• Aim of the task:
Each line of the listing below that includes "value" must be copied.

• Exercise data:

Content starts

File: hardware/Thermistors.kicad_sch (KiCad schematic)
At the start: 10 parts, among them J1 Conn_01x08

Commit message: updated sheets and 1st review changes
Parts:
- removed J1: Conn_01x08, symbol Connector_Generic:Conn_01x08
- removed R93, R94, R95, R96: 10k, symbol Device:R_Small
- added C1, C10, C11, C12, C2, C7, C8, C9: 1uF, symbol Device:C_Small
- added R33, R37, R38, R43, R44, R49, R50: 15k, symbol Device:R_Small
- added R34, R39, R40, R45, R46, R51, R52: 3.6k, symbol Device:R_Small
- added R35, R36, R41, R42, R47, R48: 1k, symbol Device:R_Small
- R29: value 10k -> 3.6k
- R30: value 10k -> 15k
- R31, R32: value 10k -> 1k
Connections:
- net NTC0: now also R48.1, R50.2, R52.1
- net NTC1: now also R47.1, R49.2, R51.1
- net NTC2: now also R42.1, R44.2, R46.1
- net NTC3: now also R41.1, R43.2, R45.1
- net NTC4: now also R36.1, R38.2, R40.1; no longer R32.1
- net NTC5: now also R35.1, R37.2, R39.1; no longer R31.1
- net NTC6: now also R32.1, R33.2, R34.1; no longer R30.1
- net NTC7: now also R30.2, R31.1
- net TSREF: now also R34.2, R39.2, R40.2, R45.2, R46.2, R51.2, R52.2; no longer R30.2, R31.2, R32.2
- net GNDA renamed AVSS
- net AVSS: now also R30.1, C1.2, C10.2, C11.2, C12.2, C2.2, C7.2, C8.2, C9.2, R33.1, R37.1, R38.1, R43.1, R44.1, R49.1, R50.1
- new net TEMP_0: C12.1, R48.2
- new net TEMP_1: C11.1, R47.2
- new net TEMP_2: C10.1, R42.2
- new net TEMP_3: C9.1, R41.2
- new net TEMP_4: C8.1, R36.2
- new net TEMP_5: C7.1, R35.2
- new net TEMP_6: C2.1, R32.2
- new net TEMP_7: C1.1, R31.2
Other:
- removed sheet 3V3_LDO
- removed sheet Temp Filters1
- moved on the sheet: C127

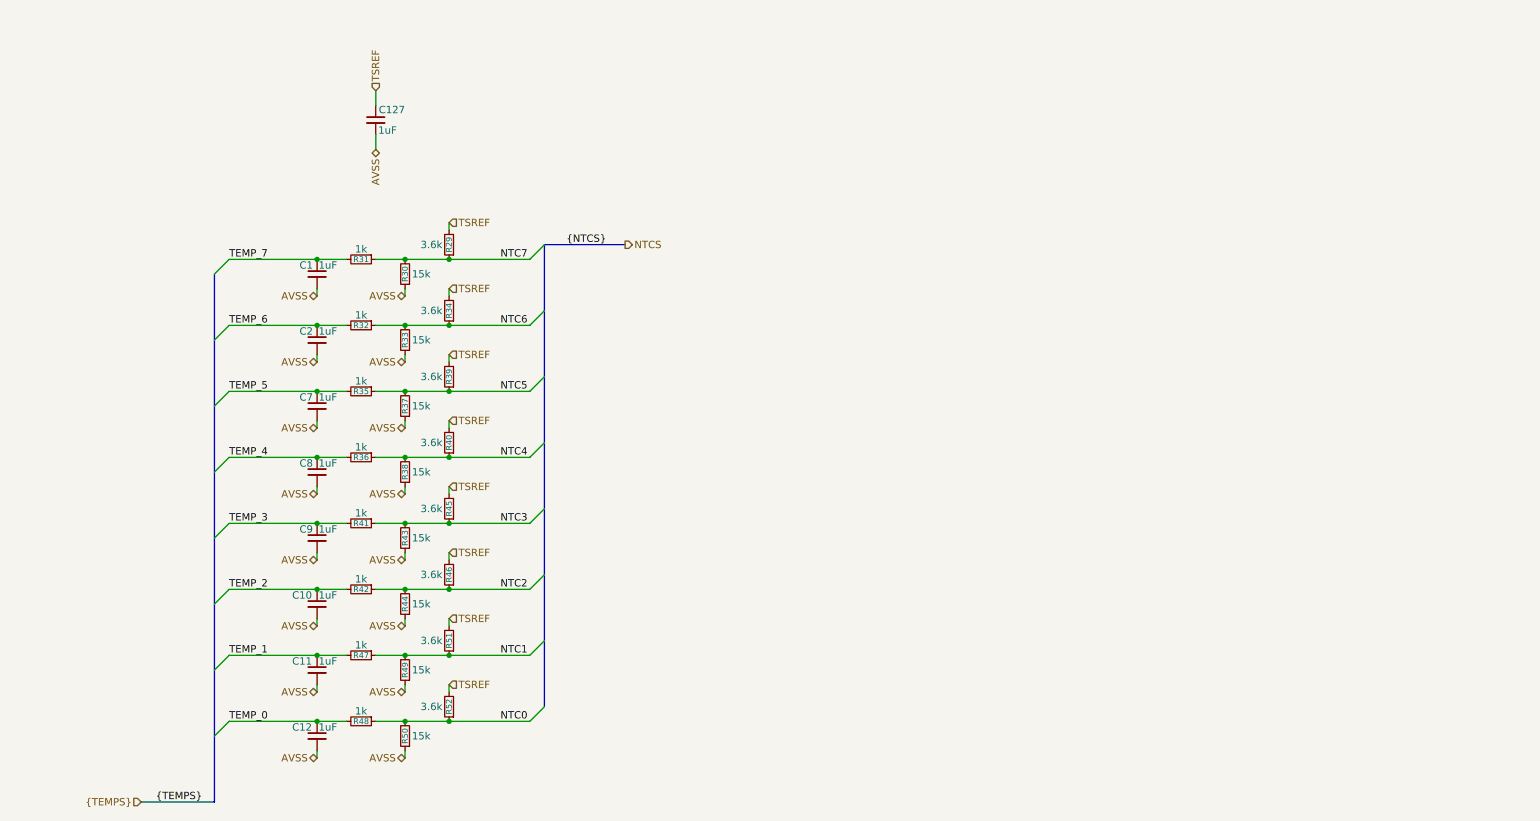
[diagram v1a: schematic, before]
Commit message: updated sheets, footprint, and calcs; 2nd review changes
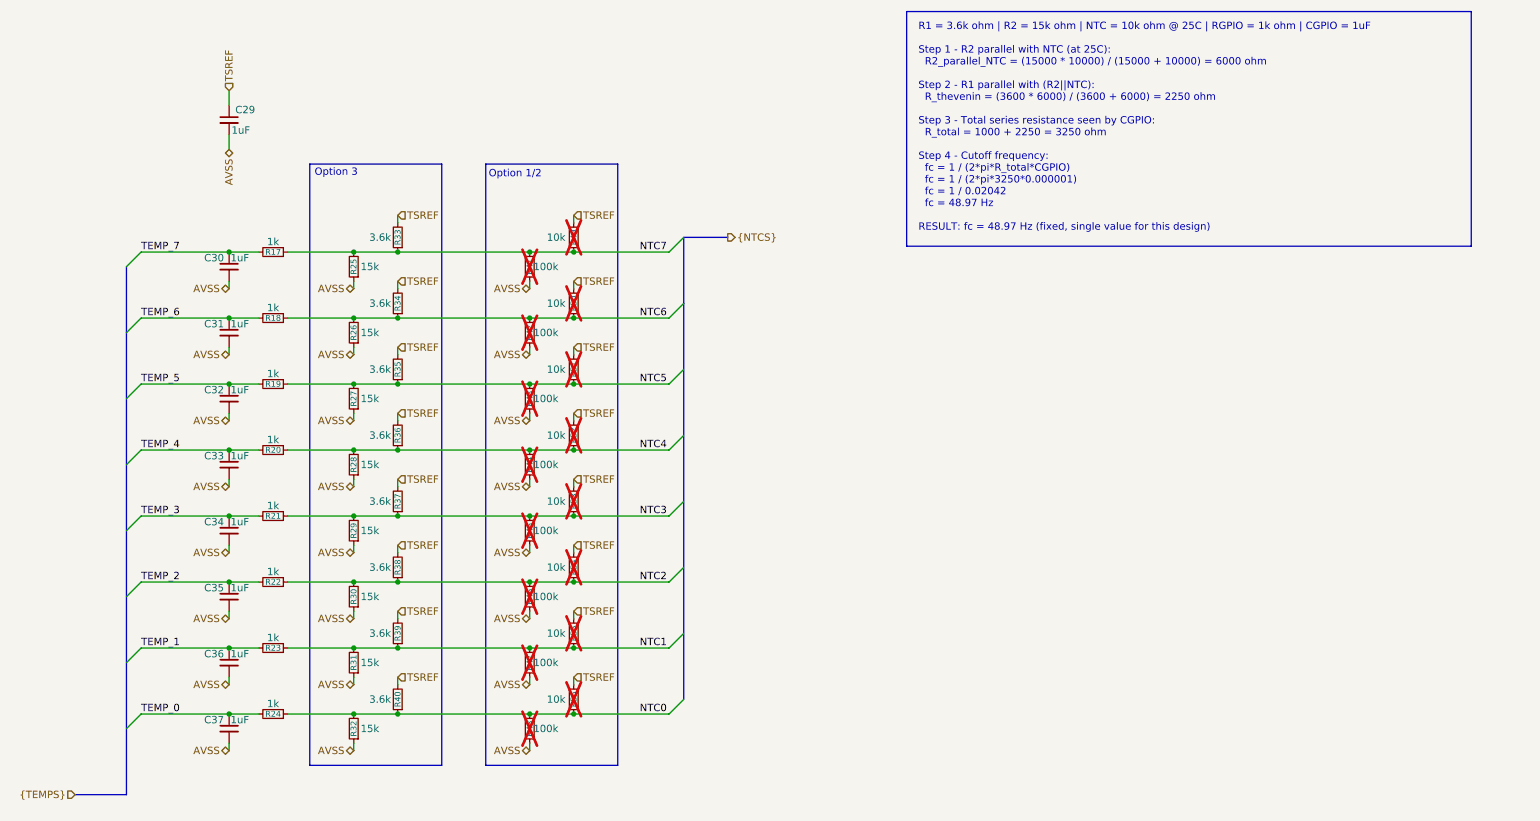
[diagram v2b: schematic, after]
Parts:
- added R41, R42, R43, R44, R45, R46, R47, R48: 100k, Resistor_SMD:R_0603_1608Metric_Pad0.98x0.95mm_HandSolder, symbol Device:R_Small
- added R49, R50, R51, R52, R53, R54, R55, R56: 10k, Resistor_SMD:R_0603_1608Metric_Pad0.98x0.95mm_HandSolder, symbol Device:R_Small
- C29: renamed from C127; footprint (none) -> Capacitor_SMD:C_0603_1608Metric_Pad1.08x0.95mm_HandSolder
- C30: renamed from C1; footprint (none) -> Capacitor_SMD:C_0603_1608Metric_Pad1.08x0.95mm_HandSolder
- C31: renamed from C2; footprint (none) -> Capacitor_SMD:C_0603_1608Metric_Pad1.08x0.95mm_HandSolder
- C32: renamed from C7; footprint (none) -> Capacitor_SMD:C_0603_1608Metric_Pad1.08x0.95mm_HandSolder
- C33: renamed from C8; footprint (none) -> Capacitor_SMD:C_0603_1608Metric_Pad1.08x0.95mm_HandSolder
- C34: renamed from C9; footprint (none) -> Capacitor_SMD:C_0603_1608Metric_Pad1.08x0.95mm_HandSolder
- C35: renamed from C10; footprint (none) -> Capacitor_SMD:C_0603_1608Metric_Pad1.08x0.95mm_HandSolder
- C36: renamed from C11; footprint (none) -> Capacitor_SMD:C_0603_1608Metric_Pad1.08x0.95mm_HandSolder
- C37: renamed from C12; footprint (none) -> Capacitor_SMD:C_0603_1608Metric_Pad1.08x0.95mm_HandSolder
- R17: renamed from R31; footprint (none) -> Resistor_SMD:R_0603_1608Metric_Pad0.98x0.95mm_HandSolder
- R18: renamed from R32; footprint (none) -> Resistor_SMD:R_0603_1608Metric_Pad0.98x0.95mm_HandSolder
- R19: renamed from R35; footprint (none) -> Resistor_SMD:R_0603_1608Metric_Pad0.98x0.95mm_HandSolder
- R20: renamed from R36; footprint (none) -> Resistor_SMD:R_0603_1608Metric_Pad0.98x0.95mm_HandSolder
- R21: renamed from R41; footprint (none) -> Resistor_SMD:R_0603_1608Metric_Pad0.98x0.95mm_HandSolder
- R22: renamed from R42; footprint (none) -> Resistor_SMD:R_0603_1608Metric_Pad0.98x0.95mm_HandSolder
- R23: renamed from R47; footprint (none) -> Resistor_SMD:R_0603_1608Metric_Pad0.98x0.95mm_HandSolder
- R24: renamed from R48; footprint (none) -> Resistor_SMD:R_0603_1608Metric_Pad0.98x0.95mm_HandSolder
- R25: renamed from R30; footprint (none) -> Resistor_SMD:R_0603_1608Metric_Pad0.98x0.95mm_HandSolder
- R26: renamed from R33; footprint (none) -> Resistor_SMD:R_0603_1608Metric_Pad0.98x0.95mm_HandSolder
- R27: renamed from R37; footprint (none) -> Resistor_SMD:R_0603_1608Metric_Pad0.98x0.95mm_HandSolder
- R28: renamed from R38; footprint (none) -> Resistor_SMD:R_0603_1608Metric_Pad0.98x0.95mm_HandSolder
- R29: renamed from R43; footprint (none) -> Resistor_SMD:R_0603_1608Metric_Pad0.98x0.95mm_HandSolder
- R30: renamed from R44; footprint (none) -> Resistor_SMD:R_0603_1608Metric_Pad0.98x0.95mm_HandSolder
- R31: renamed from R49; footprint (none) -> Resistor_SMD:R_0603_1608Metric_Pad0.98x0.95mm_HandSolder
- R32: renamed from R50; footprint (none) -> Resistor_SMD:R_0603_1608Metric_Pad0.98x0.95mm_HandSolder
- R33: renamed from R29; footprint (none) -> Resistor_SMD:R_0603_1608Metric_Pad0.98x0.95mm_HandSolder
- R34: footprint (none) -> Resistor_SMD:R_0603_1608Metric_Pad0.98x0.95mm_HandSolder
- R35: renamed from R39; footprint (none) -> Resistor_SMD:R_0603_1608Metric_Pad0.98x0.95mm_HandSolder
- R36: renamed from R40; footprint (none) -> Resistor_SMD:R_0603_1608Metric_Pad0.98x0.95mm_HandSolder
- R37: renamed from R45; footprint (none) -> Resistor_SMD:R_0603_1608Metric_Pad0.98x0.95mm_HandSolder
- R38: renamed from R46; footprint (none) -> Resistor_SMD:R_0603_1608Metric_Pad0.98x0.95mm_HandSolder
- R39: renamed from R51; footprint (none) -> Resistor_SMD:R_0603_1608Metric_Pad0.98x0.95mm_HandSolder
- R40: renamed from R52; footprint (none) -> Resistor_SMD:R_0603_1608Metric_Pad0.98x0.95mm_HandSolder
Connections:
- net AVSS: now also R41.1, R42.1, R43.1, R44.1, R45.1, R46.1, R47.1, R48.1
- net NTC0: now also R48.2, R56.1
- net NTC1: now also R47.2, R55.1
- net NTC2: now also R46.2, R54.1
- net NTC3: now also R45.2, R53.1
- net NTC4: now also R44.2, R52.1
- net NTC5: now also R43.2, R51.1
- net NTC6: now also R42.2, R50.1
- net NTC7: now also R41.2, R49.1
- net TSREF: now also R49.2, R50.2, R51.2, R52.2, R53.2, R54.2, R55.2, R56.2
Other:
- note added: "Option 1/2"
- note added: "Option 3"
- note added: "R1 = 3.6k ohm | R2 = 15k ohm | NTC = 10k ohm @ 25C | RGPIO = 1k ohm | CGPIO = 1uF Step 1 - R2 parallel with NTC (at 25C): R2_parallel_NTC = (15000 * 10000) / (15000 + 10000) = 6000 ohm Step 2 - R1 parallel with (R2||NTC): R_thevenin = (3600 * 6000) / (3600 + 6000) = 2250 ohm Step 3 - Total series resistance seen by CGPIO: R_total = 1000 + 2250 = 3250 ohm Step 4 - Cutoff frequency: fc = 1 / (2*pi*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"
- moved on the sheet: C29, C30, C31, C32, C33, C34, C35, C36, C37, R17, R18, R19

Content ends

• Response to the exercise:
- R29: value 10k -> 3.6k
- R30: value 10k -> 15k
- R31, R32: value 10k -> 1k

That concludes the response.